[Opening Supplied records section]

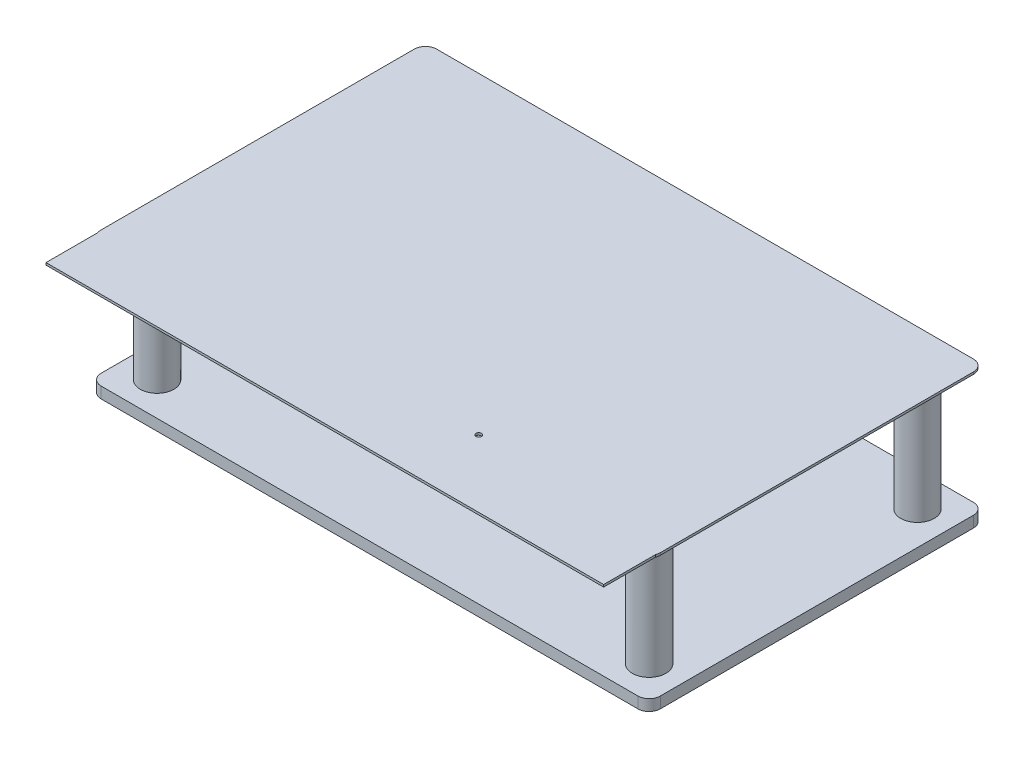
ISO-10303-21;
HEADER;
FILE_DESCRIPTION(('STEP AP214'),'2;1');
FILE_NAME('part.step','',(''),(''),'','','');
FILE_SCHEMA(('AUTOMOTIVE_DESIGN { 1 0 10303 214 1 1 1 1 }'));
ENDSEC;
DATA;
#1=APPLICATION_CONTEXT('core data for automotive mechanical design processes');
#2=APPLICATION_PROTOCOL_DEFINITION('international standard','automotive_design',2000,#1);
#3=PRODUCT_CONTEXT('',#1,'mechanical');
#4=PRODUCT('Part','Part','',(#3));
#5=PRODUCT_RELATED_PRODUCT_CATEGORY('part','',(#4));
#6=PRODUCT_DEFINITION_FORMATION('','',#4);
#7=PRODUCT_DEFINITION_CONTEXT('part definition',#1,'design');
#8=PRODUCT_DEFINITION('design','',#6,#7);
#9=PRODUCT_DEFINITION_SHAPE('','',#8);
#10=(LENGTH_UNIT() NAMED_UNIT(*) SI_UNIT(.MILLI.,.METRE.));
#11=(NAMED_UNIT(*) PLANE_ANGLE_UNIT() SI_UNIT($,.RADIAN.));
#12=(NAMED_UNIT(*) SI_UNIT($,.STERADIAN.) SOLID_ANGLE_UNIT());
#13=UNCERTAINTY_MEASURE_WITH_UNIT(LENGTH_MEASURE(1.E-05),#10,'distance_accuracy_value','');
#14=(GEOMETRIC_REPRESENTATION_CONTEXT(3) GLOBAL_UNCERTAINTY_ASSIGNED_CONTEXT((#13)) GLOBAL_UNIT_ASSIGNED_CONTEXT((#10,
#11,#12)) REPRESENTATION_CONTEXT('',''));
#15=CARTESIAN_POINT('',(0.,0.,0.));
#16=DIRECTION('',(0.,0.,1.));
#17=DIRECTION('',(1.,0.,0.));
#18=AXIS2_PLACEMENT_3D('',#15,#16,#17);
#19=CARTESIAN_POINT('',(240.,10.,-140.));
#20=DIRECTION('',(0.,-1.,0.));
#21=DIRECTION('',(0.,0.,-1.));
#22=AXIS2_PLACEMENT_3D('',#19,#20,#21);
#23=CYLINDRICAL_SURFACE('',#22,10.);
#24=CARTESIAN_POINT('',(240.,0.,-140.));
#25=DIRECTION('',(0.,1.,0.));
#26=DIRECTION('',(0.,0.,-1.));
#27=AXIS2_PLACEMENT_3D('',#24,#25,#26);
#28=CIRCLE('',#27,10.);
#29=CARTESIAN_POINT('',(250.,0.,-140.));
#30=VERTEX_POINT('',#29);
#31=CARTESIAN_POINT('',(240.,0.,-150.));
#32=VERTEX_POINT('',#31);
#33=EDGE_CURVE('E141',#30,#32,#28,.T.);
#34=ORIENTED_EDGE('',*,*,#33,.T.);
#35=DIRECTION('',(0.,-1.,0.));
#36=VECTOR('',#35,1.);
#37=CARTESIAN_POINT('',(240.,10.,-150.));
#38=LINE('',#37,#36);
#39=CARTESIAN_POINT('',(240.,10.,-150.));
#40=VERTEX_POINT('',#39);
#41=EDGE_CURVE('E169',#40,#32,#38,.T.);
#42=ORIENTED_EDGE('',*,*,#41,.F.);
#43=CARTESIAN_POINT('',(240.,10.,-140.));
#44=DIRECTION('',(0.,1.,0.));
#45=DIRECTION('',(0.,0.,-1.));
#46=AXIS2_PLACEMENT_3D('',#43,#44,#45);
#47=CIRCLE('',#46,10.);
#48=CARTESIAN_POINT('',(250.,10.,-140.));
#49=VERTEX_POINT('',#48);
#50=EDGE_CURVE('E156',#49,#40,#47,.T.);
#51=ORIENTED_EDGE('',*,*,#50,.F.);
#52=DIRECTION('',(0.,-1.,0.));
#53=VECTOR('',#52,1.);
#54=CARTESIAN_POINT('',(250.,10.,-140.));
#55=LINE('',#54,#53);
#56=EDGE_CURVE('E137',#49,#30,#55,.T.);
#57=ORIENTED_EDGE('',*,*,#56,.T.);
#58=EDGE_LOOP('',(#34,#42,#51,#57));
#59=FACE_BOUND('',#58,.T.);
#60=ADVANCED_FACE('F39',(#59),#23,.T.);
#61=CARTESIAN_POINT('',(-240.,10.,-150.));
#62=DIRECTION('',(0.,0.,1.));
#63=DIRECTION('',(1.,0.,0.));
#64=AXIS2_PLACEMENT_3D('',#61,#62,#63);
#65=PLANE('',#64);
#66=DIRECTION('',(-1.,0.,0.));
#67=VECTOR('',#66,1.);
#68=CARTESIAN_POINT('',(-240.,0.,-150.));
#69=LINE('',#68,#67);
#70=CARTESIAN_POINT('',(-240.,0.,-150.));
#71=VERTEX_POINT('',#70);
#72=EDGE_CURVE('E144',#32,#71,#69,.T.);
#73=ORIENTED_EDGE('',*,*,#72,.T.);
#74=DIRECTION('',(0.,-1.,0.));
#75=VECTOR('',#74,1.);
#76=CARTESIAN_POINT('',(-240.,10.,-150.));
#77=LINE('',#76,#75);
#78=CARTESIAN_POINT('',(-240.,10.,-150.));
#79=VERTEX_POINT('',#78);
#80=EDGE_CURVE('E166',#79,#71,#77,.T.);
#81=ORIENTED_EDGE('',*,*,#80,.F.);
#82=DIRECTION('',(-1.,0.,0.));
#83=VECTOR('',#82,1.);
#84=CARTESIAN_POINT('',(-240.,10.,-150.));
#85=LINE('',#84,#83);
#86=EDGE_CURVE('E101',#40,#79,#85,.T.);
#87=ORIENTED_EDGE('',*,*,#86,.F.);
#88=ORIENTED_EDGE('',*,*,#41,.T.);
#89=EDGE_LOOP('',(#73,#81,#87,#88));
#90=FACE_BOUND('',#89,.T.);
#91=ADVANCED_FACE('F207',(#90),#65,.F.);
#92=CARTESIAN_POINT('',(-240.,10.,-140.));
#93=DIRECTION('',(0.,-1.,0.));
#94=DIRECTION('',(0.,0.,-1.));
#95=AXIS2_PLACEMENT_3D('',#92,#93,#94);
#96=CYLINDRICAL_SURFACE('',#95,10.);
#97=CARTESIAN_POINT('',(-240.,0.,-140.));
#98=DIRECTION('',(0.,1.,0.));
#99=DIRECTION('',(0.,0.,1.));
#100=AXIS2_PLACEMENT_3D('',#97,#98,#99);
#101=CIRCLE('',#100,10.);
#102=CARTESIAN_POINT('',(-250.,0.,-140.));
#103=VERTEX_POINT('',#102);
#104=EDGE_CURVE('E147',#71,#103,#101,.T.);
#105=ORIENTED_EDGE('',*,*,#104,.T.);
#106=DIRECTION('',(0.,-1.,0.));
#107=VECTOR('',#106,1.);
#108=CARTESIAN_POINT('',(-250.,10.,-140.));
#109=LINE('',#108,#107);
#110=CARTESIAN_POINT('',(-250.,10.,-140.));
#111=VERTEX_POINT('',#110);
#112=EDGE_CURVE('E163',#111,#103,#109,.T.);
#113=ORIENTED_EDGE('',*,*,#112,.F.);
#114=CARTESIAN_POINT('',(-240.,10.,-140.));
#115=DIRECTION('',(0.,1.,0.));
#116=DIRECTION('',(0.,0.,1.));
#117=AXIS2_PLACEMENT_3D('',#114,#115,#116);
#118=CIRCLE('',#117,10.);
#119=EDGE_CURVE('E221',#79,#111,#118,.T.);
#120=ORIENTED_EDGE('',*,*,#119,.F.);
#121=ORIENTED_EDGE('',*,*,#80,.T.);
#122=EDGE_LOOP('',(#105,#113,#120,#121));
#123=FACE_BOUND('',#122,.T.);
#124=ADVANCED_FACE('F212',(#123),#96,.T.);
#125=CARTESIAN_POINT('',(-250.,10.,-140.));
#126=DIRECTION('',(1.,0.,0.));
#127=DIRECTION('',(0.,0.,-1.));
#128=AXIS2_PLACEMENT_3D('',#125,#126,#127);
#129=PLANE('',#128);
#130=DIRECTION('',(0.,0.,1.));
#131=VECTOR('',#130,1.);
#132=CARTESIAN_POINT('',(-250.,0.,-140.));
#133=LINE('',#132,#131);
#134=CARTESIAN_POINT('',(-250.,0.,140.));
#135=VERTEX_POINT('',#134);
#136=EDGE_CURVE('E149',#103,#135,#133,.T.);
#137=ORIENTED_EDGE('',*,*,#136,.T.);
#138=DIRECTION('',(0.,-1.,0.));
#139=VECTOR('',#138,1.);
#140=CARTESIAN_POINT('',(-250.,10.,140.));
#141=LINE('',#140,#139);
#142=CARTESIAN_POINT('',(-250.,10.,140.));
#143=VERTEX_POINT('',#142);
#144=EDGE_CURVE('E160',#143,#135,#141,.T.);
#145=ORIENTED_EDGE('',*,*,#144,.F.);
#146=DIRECTION('',(0.,0.,1.));
#147=VECTOR('',#146,1.);
#148=CARTESIAN_POINT('',(-250.,10.,-140.));
#149=LINE('',#148,#147);
#150=EDGE_CURVE('E223',#111,#143,#149,.T.);
#151=ORIENTED_EDGE('',*,*,#150,.F.);
#152=ORIENTED_EDGE('',*,*,#112,.T.);
#153=EDGE_LOOP('',(#137,#145,#151,#152));
#154=FACE_BOUND('',#153,.T.);
#155=ADVANCED_FACE('F544',(#154),#129,.F.);
#156=CARTESIAN_POINT('',(-240.,10.,140.));
#157=DIRECTION('',(0.,-1.,0.));
#158=DIRECTION('',(0.,0.,-1.));
#159=AXIS2_PLACEMENT_3D('',#156,#157,#158);
#160=CYLINDRICAL_SURFACE('',#159,10.);
#161=CARTESIAN_POINT('',(-240.,0.,140.));
#162=DIRECTION('',(0.,1.,0.));
#163=DIRECTION('',(0.,0.,1.));
#164=AXIS2_PLACEMENT_3D('',#161,#162,#163);
#165=CIRCLE('',#164,10.);
#166=CARTESIAN_POINT('',(-240.,0.,150.));
#167=VERTEX_POINT('',#166);
#168=EDGE_CURVE('E151',#135,#167,#165,.T.);
#169=ORIENTED_EDGE('',*,*,#168,.T.);
#170=DIRECTION('',(0.,-1.,0.));
#171=VECTOR('',#170,1.);
#172=CARTESIAN_POINT('',(-240.,10.,150.));
#173=LINE('',#172,#171);
#174=CARTESIAN_POINT('',(-240.,10.,150.));
#175=VERTEX_POINT('',#174);
#176=EDGE_CURVE('E132',#175,#167,#173,.T.);
#177=ORIENTED_EDGE('',*,*,#176,.F.);
#178=CARTESIAN_POINT('',(-240.,10.,140.));
#179=DIRECTION('',(0.,1.,0.));
#180=DIRECTION('',(0.,0.,1.));
#181=AXIS2_PLACEMENT_3D('',#178,#179,#180);
#182=CIRCLE('',#181,10.);
#183=EDGE_CURVE('E123',#143,#175,#182,.T.);
#184=ORIENTED_EDGE('',*,*,#183,.F.);
#185=ORIENTED_EDGE('',*,*,#144,.T.);
#186=EDGE_LOOP('',(#169,#177,#184,#185));
#187=FACE_BOUND('',#186,.T.);
#188=ADVANCED_FACE('F536',(#187),#160,.T.);
#189=CARTESIAN_POINT('',(-240.,10.,150.));
#190=DIRECTION('',(0.,0.,-1.));
#191=DIRECTION('',(-1.,0.,0.));
#192=AXIS2_PLACEMENT_3D('',#189,#190,#191);
#193=PLANE('',#192);
#194=DIRECTION('',(1.,0.,0.));
#195=VECTOR('',#194,1.);
#196=CARTESIAN_POINT('',(-240.,0.,150.));
#197=LINE('',#196,#195);
#198=CARTESIAN_POINT('',(240.,0.,150.));
#199=VERTEX_POINT('',#198);
#200=EDGE_CURVE('E131',#167,#199,#197,.T.);
#201=ORIENTED_EDGE('',*,*,#200,.T.);
#202=DIRECTION('',(0.,-1.,0.));
#203=VECTOR('',#202,1.);
#204=CARTESIAN_POINT('',(240.,10.,150.));
#205=LINE('',#204,#203);
#206=CARTESIAN_POINT('',(240.,10.,150.));
#207=VERTEX_POINT('',#206);
#208=EDGE_CURVE('E128',#207,#199,#205,.T.);
#209=ORIENTED_EDGE('',*,*,#208,.F.);
#210=DIRECTION('',(1.,0.,0.));
#211=VECTOR('',#210,1.);
#212=CARTESIAN_POINT('',(-240.,10.,150.));
#213=LINE('',#212,#211);
#214=EDGE_CURVE('E117',#175,#207,#213,.T.);
#215=ORIENTED_EDGE('',*,*,#214,.F.);
#216=ORIENTED_EDGE('',*,*,#176,.T.);
#217=EDGE_LOOP('',(#201,#209,#215,#216));
#218=FACE_BOUND('',#217,.T.);
#219=ADVANCED_FACE('F129',(#218),#193,.F.);
#220=CARTESIAN_POINT('',(240.,10.,140.));
#221=DIRECTION('',(0.,-1.,0.));
#222=DIRECTION('',(0.,0.,-1.));
#223=AXIS2_PLACEMENT_3D('',#220,#221,#222);
#224=CYLINDRICAL_SURFACE('',#223,10.);
#225=CARTESIAN_POINT('',(240.,0.,140.));
#226=DIRECTION('',(0.,1.,0.));
#227=DIRECTION('',(0.,0.,1.));
#228=AXIS2_PLACEMENT_3D('',#225,#226,#227);
#229=CIRCLE('',#228,10.);
#230=CARTESIAN_POINT('',(250.,0.,140.));
#231=VERTEX_POINT('',#230);
#232=EDGE_CURVE('E86',#199,#231,#229,.T.);
#233=ORIENTED_EDGE('',*,*,#232,.T.);
#234=DIRECTION('',(0.,-1.,0.));
#235=VECTOR('',#234,1.);
#236=CARTESIAN_POINT('',(250.,10.,140.));
#237=LINE('',#236,#235);
#238=CARTESIAN_POINT('',(250.,10.,140.));
#239=VERTEX_POINT('',#238);
#240=EDGE_CURVE('E133',#239,#231,#237,.T.);
#241=ORIENTED_EDGE('',*,*,#240,.F.);
#242=CARTESIAN_POINT('',(240.,10.,140.));
#243=DIRECTION('',(0.,1.,0.));
#244=DIRECTION('',(0.,0.,1.));
#245=AXIS2_PLACEMENT_3D('',#242,#243,#244);
#246=CIRCLE('',#245,10.);
#247=EDGE_CURVE('E121',#207,#239,#246,.T.);
#248=ORIENTED_EDGE('',*,*,#247,.F.);
#249=ORIENTED_EDGE('',*,*,#208,.T.);
#250=EDGE_LOOP('',(#233,#241,#248,#249));
#251=FACE_BOUND('',#250,.T.);
#252=ADVANCED_FACE('F135',(#251),#224,.T.);
#253=CARTESIAN_POINT('',(250.,10.,-140.));
#254=DIRECTION('',(-1.,0.,0.));
#255=DIRECTION('',(0.,0.,1.));
#256=AXIS2_PLACEMENT_3D('',#253,#254,#255);
#257=PLANE('',#256);
#258=DIRECTION('',(0.,0.,-1.));
#259=VECTOR('',#258,1.);
#260=CARTESIAN_POINT('',(250.,0.,-140.));
#261=LINE('',#260,#259);
#262=EDGE_CURVE('E92',#231,#30,#261,.T.);
#263=ORIENTED_EDGE('',*,*,#262,.T.);
#264=ORIENTED_EDGE('',*,*,#56,.F.);
#265=DIRECTION('',(0.,0.,-1.));
#266=VECTOR('',#265,1.);
#267=CARTESIAN_POINT('',(250.,10.,-140.));
#268=LINE('',#267,#266);
#269=EDGE_CURVE('E56',#239,#49,#268,.T.);
#270=ORIENTED_EDGE('',*,*,#269,.F.);
#271=ORIENTED_EDGE('',*,*,#240,.T.);
#272=EDGE_LOOP('',(#263,#264,#270,#271));
#273=FACE_BOUND('',#272,.T.);
#274=ADVANCED_FACE('F185',(#273),#257,.F.);
#275=CARTESIAN_POINT('',(240.,10.,-140.));
#276=DIRECTION('',(0.,-1.,0.));
#277=DIRECTION('',(0.,0.,-1.));
#278=AXIS2_PLACEMENT_3D('',#275,#276,#277);
#279=PLANE('',#278);
#280=CARTESIAN_POINT('',(-220.,9.99999999999999,120.));
#281=DIRECTION('',(0.,-1.,0.));
#282=DIRECTION('',(0.,0.,-1.));
#283=AXIS2_PLACEMENT_3D('',#280,#281,#282);
#284=CIRCLE('',#283,15.);
#285=CARTESIAN_POINT('',(-220.,9.99999999999999,105.));
#286=VERTEX_POINT('',#285);
#287=EDGE_CURVE('E11',#286,#286,#284,.F.);
#288=ORIENTED_EDGE('',*,*,#287,.F.);
#289=EDGE_LOOP('',(#288));
#290=FACE_BOUND('',#289,.T.);
#291=CARTESIAN_POINT('',(220.,9.99999999999999,120.));
#292=DIRECTION('',(0.,-1.,0.));
#293=DIRECTION('',(0.,0.,-1.));
#294=AXIS2_PLACEMENT_3D('',#291,#292,#293);
#295=CIRCLE('',#294,15.);
#296=CARTESIAN_POINT('',(220.,9.99999999999999,105.));
#297=VERTEX_POINT('',#296);
#298=EDGE_CURVE('E48',#297,#297,#295,.F.);
#299=ORIENTED_EDGE('',*,*,#298,.F.);
#300=EDGE_LOOP('',(#299));
#301=FACE_BOUND('',#300,.T.);
#302=CARTESIAN_POINT('',(220.,9.99999999999999,-120.));
#303=DIRECTION('',(0.,-1.,0.));
#304=DIRECTION('',(0.,0.,-1.));
#305=AXIS2_PLACEMENT_3D('',#302,#303,#304);
#306=CIRCLE('',#305,15.);
#307=CARTESIAN_POINT('',(220.,9.99999999999999,-135.));
#308=VERTEX_POINT('',#307);
#309=EDGE_CURVE('E174',#308,#308,#306,.F.);
#310=ORIENTED_EDGE('',*,*,#309,.F.);
#311=EDGE_LOOP('',(#310));
#312=FACE_BOUND('',#311,.T.);
#313=CARTESIAN_POINT('',(-220.,9.99999999999999,-120.));
#314=DIRECTION('',(0.,-1.,0.));
#315=DIRECTION('',(0.,0.,-1.));
#316=AXIS2_PLACEMENT_3D('',#313,#314,#315);
#317=CIRCLE('',#316,15.);
#318=CARTESIAN_POINT('',(-220.,9.99999999999999,-135.));
#319=VERTEX_POINT('',#318);
#320=EDGE_CURVE('E171',#319,#319,#317,.F.);
#321=ORIENTED_EDGE('',*,*,#320,.F.);
#322=EDGE_LOOP('',(#321));
#323=FACE_BOUND('',#322,.T.);
#324=ORIENTED_EDGE('',*,*,#50,.T.);
#325=ORIENTED_EDGE('',*,*,#86,.T.);
#326=ORIENTED_EDGE('',*,*,#119,.T.);
#327=ORIENTED_EDGE('',*,*,#150,.T.);
#328=ORIENTED_EDGE('',*,*,#183,.T.);
#329=ORIENTED_EDGE('',*,*,#214,.T.);
#330=ORIENTED_EDGE('',*,*,#247,.T.);
#331=ORIENTED_EDGE('',*,*,#269,.T.);
#332=EDGE_LOOP('',(#324,#325,#326,#327,#328,#329,#330,#331));
#333=FACE_BOUND('',#332,.T.);
#334=ADVANCED_FACE('F119',(#290,#301,#312,#323,#333),#279,.F.);
#335=CARTESIAN_POINT('',(240.,0.,-140.));
#336=DIRECTION('',(0.,-1.,0.));
#337=DIRECTION('',(0.,0.,-1.));
#338=AXIS2_PLACEMENT_3D('',#335,#336,#337);
#339=PLANE('',#338);
#340=ORIENTED_EDGE('',*,*,#33,.F.);
#341=ORIENTED_EDGE('',*,*,#262,.F.);
#342=ORIENTED_EDGE('',*,*,#232,.F.);
#343=ORIENTED_EDGE('',*,*,#200,.F.);
#344=ORIENTED_EDGE('',*,*,#168,.F.);
#345=ORIENTED_EDGE('',*,*,#136,.F.);
#346=ORIENTED_EDGE('',*,*,#104,.F.);
#347=ORIENTED_EDGE('',*,*,#72,.F.);
#348=EDGE_LOOP('',(#340,#341,#342,#343,#344,#345,#346,#347));
#349=FACE_BOUND('',#348,.T.);
#350=ADVANCED_FACE('F184',(#349),#339,.T.);
#351=CARTESIAN_POINT('',(-220.,119.,-120.));
#352=DIRECTION('',(0.,-1.,0.));
#353=DIRECTION('',(0.,0.,-1.));
#354=AXIS2_PLACEMENT_3D('',#351,#352,#353);
#355=CYLINDRICAL_SURFACE('',#354,15.);
#356=CARTESIAN_POINT('',(-220.,119.,-120.));
#357=DIRECTION('',(0.,1.,0.));
#358=DIRECTION('',(0.,0.,1.));
#359=AXIS2_PLACEMENT_3D('',#356,#357,#358);
#360=CIRCLE('',#359,15.);
#361=CARTESIAN_POINT('',(-220.,119.,-105.));
#362=VERTEX_POINT('',#361);
#363=EDGE_CURVE('E145',#362,#362,#360,.T.);
#364=ORIENTED_EDGE('',*,*,#363,.F.);
#365=EDGE_LOOP('',(#364));
#366=FACE_BOUND('',#365,.T.);
#367=ORIENTED_EDGE('',*,*,#320,.T.);
#368=EDGE_LOOP('',(#367));
#369=FACE_BOUND('',#368,.T.);
#370=ADVANCED_FACE('F192',(#366,#369),#355,.T.);
#371=CARTESIAN_POINT('',(220.,119.,-120.));
#372=DIRECTION('',(0.,-1.,0.));
#373=DIRECTION('',(0.,0.,-1.));
#374=AXIS2_PLACEMENT_3D('',#371,#372,#373);
#375=CYLINDRICAL_SURFACE('',#374,15.);
#376=CARTESIAN_POINT('',(220.,119.,-120.));
#377=DIRECTION('',(0.,1.,0.));
#378=DIRECTION('',(0.,0.,-1.));
#379=AXIS2_PLACEMENT_3D('',#376,#377,#378);
#380=CIRCLE('',#379,15.);
#381=CARTESIAN_POINT('',(220.,119.,-135.));
#382=VERTEX_POINT('',#381);
#383=EDGE_CURVE('E231',#382,#382,#380,.T.);
#384=ORIENTED_EDGE('',*,*,#383,.F.);
#385=EDGE_LOOP('',(#384));
#386=FACE_BOUND('',#385,.T.);
#387=ORIENTED_EDGE('',*,*,#309,.T.);
#388=EDGE_LOOP('',(#387));
#389=FACE_BOUND('',#388,.T.);
#390=ADVANCED_FACE('F194',(#386,#389),#375,.T.);
#391=CARTESIAN_POINT('',(220.,119.,120.));
#392=DIRECTION('',(0.,-1.,0.));
#393=DIRECTION('',(0.,0.,-1.));
#394=AXIS2_PLACEMENT_3D('',#391,#392,#393);
#395=CYLINDRICAL_SURFACE('',#394,15.);
#396=CARTESIAN_POINT('',(220.,119.,120.));
#397=DIRECTION('',(0.,1.,0.));
#398=DIRECTION('',(0.,0.,1.));
#399=AXIS2_PLACEMENT_3D('',#396,#397,#398);
#400=CIRCLE('',#399,15.);
#401=CARTESIAN_POINT('',(220.,119.,135.));
#402=VERTEX_POINT('',#401);
#403=EDGE_CURVE('E234',#402,#402,#400,.T.);
#404=ORIENTED_EDGE('',*,*,#403,.F.);
#405=EDGE_LOOP('',(#404));
#406=FACE_BOUND('',#405,.T.);
#407=ORIENTED_EDGE('',*,*,#298,.T.);
#408=EDGE_LOOP('',(#407));
#409=FACE_BOUND('',#408,.T.);
#410=ADVANCED_FACE('F180',(#406,#409),#395,.T.);
#411=CARTESIAN_POINT('',(-220.,119.,120.));
#412=DIRECTION('',(0.,-1.,0.));
#413=DIRECTION('',(0.,0.,-1.));
#414=AXIS2_PLACEMENT_3D('',#411,#412,#413);
#415=CYLINDRICAL_SURFACE('',#414,15.);
#416=CARTESIAN_POINT('',(-220.,119.,120.));
#417=DIRECTION('',(0.,1.,0.));
#418=DIRECTION('',(0.,0.,-1.));
#419=AXIS2_PLACEMENT_3D('',#416,#417,#418);
#420=CIRCLE('',#419,15.);
#421=CARTESIAN_POINT('',(-220.,119.,105.));
#422=VERTEX_POINT('',#421);
#423=EDGE_CURVE('E237',#422,#422,#420,.T.);
#424=ORIENTED_EDGE('',*,*,#423,.F.);
#425=EDGE_LOOP('',(#424));
#426=FACE_BOUND('',#425,.T.);
#427=ORIENTED_EDGE('',*,*,#287,.T.);
#428=EDGE_LOOP('',(#427));
#429=FACE_BOUND('',#428,.T.);
#430=ADVANCED_FACE('F391',(#426,#429),#415,.T.);
#431=CARTESIAN_POINT('',(240.,121.,140.));
#432=DIRECTION('',(0.,-1.,0.));
#433=DIRECTION('',(0.,0.,-1.));
#434=AXIS2_PLACEMENT_3D('',#431,#432,#433);
#435=CYLINDRICAL_SURFACE('',#434,10.);
#436=CARTESIAN_POINT('',(240.,121.,140.));
#437=DIRECTION('',(0.,1.,0.));
#438=DIRECTION('',(0.,0.,1.));
#439=AXIS2_PLACEMENT_3D('',#436,#437,#438);
#440=CIRCLE('',#439,10.);
#441=CARTESIAN_POINT('',(249.35038016701,121.,143.545474683647));
#442=VERTEX_POINT('',#441);
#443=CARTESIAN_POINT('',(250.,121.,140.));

[Closing Supplied records section]

What you have to do:
Output, from the data above, the lines from the line with "#146=DIRECTION('',(0.,0.,1.));" to the line with "#191=DIRECTION('',(-1.,0.,0.));" exactly as they stand, both ends included and nothing else.

Result:
#146=DIRECTION('',(0.,0.,1.));
#147=VECTOR('',#146,1.);
#148=CARTESIAN_POINT('',(-250.,10.,-140.));
#149=LINE('',#148,#147);
#150=EDGE_CURVE('E223',#111,#143,#149,.T.);
#151=ORIENTED_EDGE('',*,*,#150,.F.);
#152=ORIENTED_EDGE('',*,*,#112,.T.);
#153=EDGE_LOOP('',(#137,#145,#151,#152));
#154=FACE_BOUND('',#153,.T.);
#155=ADVANCED_FACE('F544',(#154),#129,.F.);
#156=CARTESIAN_POINT('',(-240.,10.,140.));
#157=DIRECTION('',(0.,-1.,0.));
#158=DIRECTION('',(0.,0.,-1.));
#159=AXIS2_PLACEMENT_3D('',#156,#157,#158);
#160=CYLINDRICAL_SURFACE('',#159,10.);
#161=CARTESIAN_POINT('',(-240.,0.,140.));
#162=DIRECTION('',(0.,1.,0.));
#163=DIRECTION('',(0.,0.,1.));
#164=AXIS2_PLACEMENT_3D('',#161,#162,#163);
#165=CIRCLE('',#164,10.);
#166=CARTESIAN_POINT('',(-240.,0.,150.));
#167=VERTEX_POINT('',#166);
#168=EDGE_CURVE('E151',#135,#167,#165,.T.);
#169=ORIENTED_EDGE('',*,*,#168,.T.);
#170=DIRECTION('',(0.,-1.,0.));
#171=VECTOR('',#170,1.);
#172=CARTESIAN_POINT('',(-240.,10.,150.));
#173=LINE('',#172,#171);
#174=CARTESIAN_POINT('',(-240.,10.,150.));
#175=VERTEX_POINT('',#174);
#176=EDGE_CURVE('E132',#175,#167,#173,.T.);
#177=ORIENTED_EDGE('',*,*,#176,.F.);
#178=CARTESIAN_POINT('',(-240.,10.,140.));
#179=DIRECTION('',(0.,1.,0.));
#180=DIRECTION('',(0.,0.,1.));
#181=AXIS2_PLACEMENT_3D('',#178,#179,#180);
#182=CIRCLE('',#181,10.);
#183=EDGE_CURVE('E123',#143,#175,#182,.T.);
#184=ORIENTED_EDGE('',*,*,#183,.F.);
#185=ORIENTED_EDGE('',*,*,#144,.T.);
#186=EDGE_LOOP('',(#169,#177,#184,#185));
#187=FACE_BOUND('',#186,.T.);
#188=ADVANCED_FACE('F536',(#187),#160,.T.);
#189=CARTESIAN_POINT('',(-240.,10.,150.));
#190=DIRECTION('',(0.,0.,-1.));
#191=DIRECTION('',(-1.,0.,0.));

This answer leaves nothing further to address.